Face à la persistance des violences sexuelles dans les zones de conflit à l’Est de la RDC, les autorités congolaises et les Nations unies intensifient leur collaboration pour faire émerger une réponse plus robuste, centrée sur la justice et la réparation des victimes. Une démarche concrétisée cette semaine par une série d’échanges de haut niveau à Kinshasa.
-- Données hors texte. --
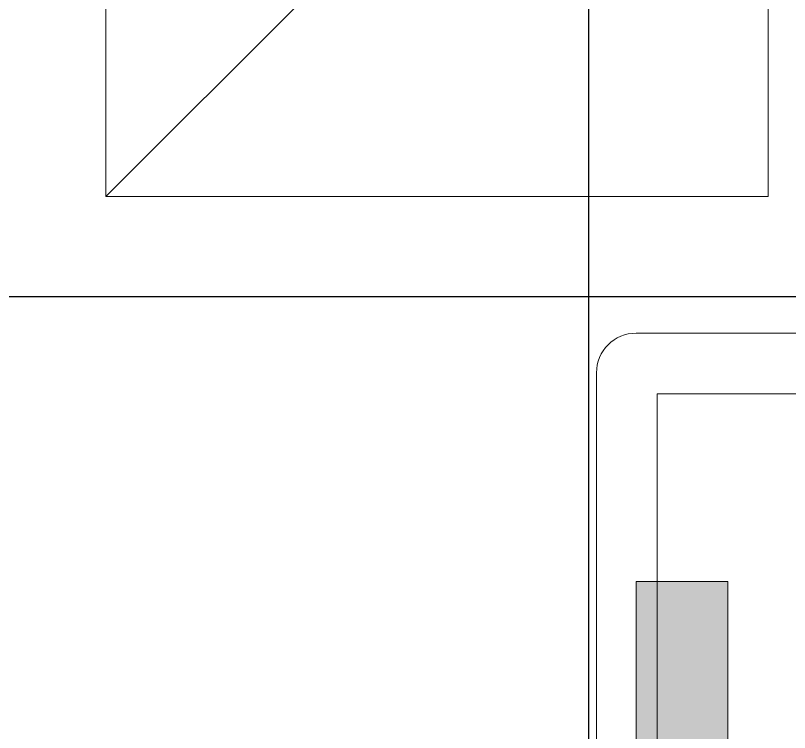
# Model space of a CAD drawing. Header units: millimetres. Extents: x -92759 to 184353, y -15225 to 86714.
# Drawn here: x 79238 to 79939, y 63930 to 64580 of the extents above; entities that cross this region are included whole.
import ezdxf

# ---------------------------------------------------------------- set-up
doc = ezdxf.new("R2010")
doc.units = ezdxf.units.MM
for name, color, linetype in [('A-PATT-CONC', 8, 'Continuous'), ('E-legend', 1, 'Continuous'), ('E-LIGHT----E', 1, 'Continuous'), ('M-ACMV_FCU', 5, 'Continuous')]:
    doc.layers.add(name, color=color, linetype=linetype)
doc.layers.add('HFI 9MM FPB', color=94, linetype='Continuous', lineweight=5)
doc.layers.add('M-ACMV_FCU-1', color=86, linetype='Continuous', lineweight=9)

# ---------------------------------------------------------------- blocks, each defined once
blk = doc.blocks.new('RCP_B8L2')
at = {"layer": 'A-PATT-CONC'}
h = blk.add_hatch(dxfattribs=at)
h.set_pattern_fill('ANSI37', color=256, scale=189, angle=45)
h.set_pattern_definition([(90, (-370899.3, -151102.3), (-600.075, 0), []), (180, (-370899.3, -151102.3), (-6e-14, -600.075), [])])
h.paths.add_polyline_path([(-370899.32, -151102.3), (-373899.32, -151102.3), (-373899.32, -158302.3), (-370899.32, -158302.3)])
at = {"layer": 'HFI 9MM FPB'}
h = blk.add_hatch(dxfattribs=at)
h.set_pattern_fill('ANSI33', color=256, scale=50)
h.set_pattern_definition([(45, (-581589.02, -147239), (-224.5064, 224.5064), []), (45, (-581364.5, -147239), (-224.5064, 224.5064), [158.75, -79.375])])
h.paths.add_polyline_path([(-370899.32, -151102.3), (-373899.32, -151102.3), (-373899.32, -158302.3), (-370899.32, -158302.3)], flags=16)
edge = h.paths.add_edge_path()
edge.add_line((-373218.07, -158677.3), (-373818.07, -158677.3))
edge.add_line((-373818.07, -158677.3), (-373818.07, -159161.3))
edge.add_line((-373818.07, -159127.3), (-374768.07, -159127.3))
edge.add_line((-374768.07, -159127.3), (-374768.07, -149827.3))
edge.add_line((-374768.07, -149827.3), (-373818.07, -149827.3))
edge.add_line((-373818.07, -149827.3), (-373818.07, -150277.3))
edge.add_line((-373818.07, -150277.3), (-373218.07, -150277.3))
edge.add_line((-373218.07, -150277.3), (-373218.07, -149827.3))
edge.add_line((-373218.07, -149827.3), (-371918.07, -149827.3))
edge.add_line((-371918.07, -149827.3), (-371918.07, -150277.3))
edge.add_line((-371918.07, -150277.3), (-369968.07, -150277.3))
edge.add_line((-369968.07, -150277.3), (-369968.07, -157777.3))
edge.add_line((-369968.07, -157777.3), (-370568.07, -157777.3))
edge.add_line((-370568.07, -157777.3), (-370568.07, -159127.3))
edge.add_line((-370568.07, -159127.3), (-373218.07, -159127.3))
edge.add_line((-373218.07, -159127.3), (-373218.07, -158677.3))
blk = doc.blocks.new('L20')
at = {"layer": 'E-LIGHT----E', "lineweight": 5}
blk.add_line((-300, -300), (300, 300), dxfattribs=at)
blk.add_lwpolyline([(-300, -300), (300, -300), (300, 300), (-300, 300)], close=True, dxfattribs=at)
blk = doc.blocks.new('EL_B8_L2_R4')
at = {"layer": 'E-legend', "color": 0}
blk.add_blockref('L20', (-10681.32, -14625.6), dxfattribs=at)
blk = doc.blocks.new('A$Ca8a76259')
at = {"layer": 'M-ACMV_FCU', "lineweight": 0}
h = blk.add_hatch(color=256, dxfattribs=at)
h.dxf.hatch_style = 1
h.paths.add_polyline_path([(250, 356), (250, 439), (-250, 439), (-250, 356)])
h.paths.add_polyline_path([(356, -250), (439, -250), (439, 250), (356, 250)])
h.paths.add_polyline_path([(-356, 250), (-439, 250), (-439, -250), (-356, -250)])
h.paths.add_polyline_path([(-250, -356), (-250, -439), (250, -439), (250, -356)])
for p, q in [((439, 475), (-439, 475)), ((-475, 439), (-475, -439))]:
    blk.add_line(p, q, dxfattribs=at)
for points in [[(420, 420), (420, -420), (-420, -420), (-420, 420)], [(-356, 250), (-356, -250), (-439, -250), (-439, 250)]]:
    blk.add_lwpolyline(points, close=True, dxfattribs=at)
blk.add_arc((-439, 439), 36, 90, 180, dxfattribs=at)
blk = doc.blocks.new('FCU -1')
at = {"layer": 'M-ACMV_FCU', "lineweight": 5, "rotation": 270}
blk.add_blockref('A$Ca8a76259', (378508.35, -50607.13), dxfattribs=at)
blk = doc.blocks.new('ACMV_B8_L2')
at = {"layer": 'M-ACMV_FCU-1', "rotation": 90}
blk.add_blockref('FCU -1', (90295.74, -420407.59), dxfattribs=at)

msp = doc.modelspace()

# ---------------------------------------------------------------- block references
at = {"layer": 'A-PATT-CONC'}
msp.add_blockref('RCP_B8L2', (452619.12, 220318.54), dxfattribs=at)
at = {"layer": 'E-legend', "color": 7}
msp.add_blockref('EL_B8_L2_R4', (90301.06, 79341.24), dxfattribs=at)
at = {"layer": 'M-ACMV_FCU-1'}
msp.add_blockref('ACMV_B8_L2', (-60663.56, 105715.91), dxfattribs=at)

doc.saveas('drawing.dxf')

Le mercredi 2 juillet, le Vice-Premier ministre chargé de la Défense a reçu Mme Pramila Patten, Représentante spéciale du Secrétaire général de l’ONU pour les violences sexuelles en période de conflit. Accompagnée de Mme Chantal Yelu Mulop, conseillère du Chef de l’État en charge des violences basées sur le genre, l’émissaire onusienne a salué la volonté politique affichée par Kinshasa de rompre avec l’impunité.
Au cœur des discussions : les mécanismes de prise en charge des survivantes et l’instauration de sanctions exemplaires contre les auteurs. Mme Yelu Mulop a insisté sur la nécessité d’un « cadre institutionnel renforcé » pour garantir à la fois l’accompagnement des victimes et la traçabilité judiciaire des crimes, souvent commis en toute impunité par des groupes armés ou certains éléments incontrôlés.
Cette rencontre s’est tenue en marge du Forum national sur le Droit de Réparation, organisé du 1er au 4 juillet à Kinshasa par le Fonds national des réparations (FONAREV). Ce forum constitue un jalon clé dans l’élaboration d’un dispositif opérationnel conforme aux engagements internationaux, pour permettre aux victimes de recouvrer leurs droits à travers une justice réparatrice.
La venue de Mme Patten revêt une forte portée symbolique, dans un pays où les survivantes de violences sexuelles demeurent souvent exclues des circuits judiciaires classiques. En appuyant les efforts nationaux, l’ONU entend contribuer à l’émergence d’une approche intégrée, mêlant prévention, justice, réparation et réintégration sociale.
Les conclusions attendues du forum devraient se traduire par une feuille de route concrète, incluant des mesures de soutien psychologique, juridique et économique pour les survivantes, dans le respect de leur dignité. Un signal fort qui témoigne d’une volonté commune de tourner une page douloureuse de l’histoire récente de la RDC.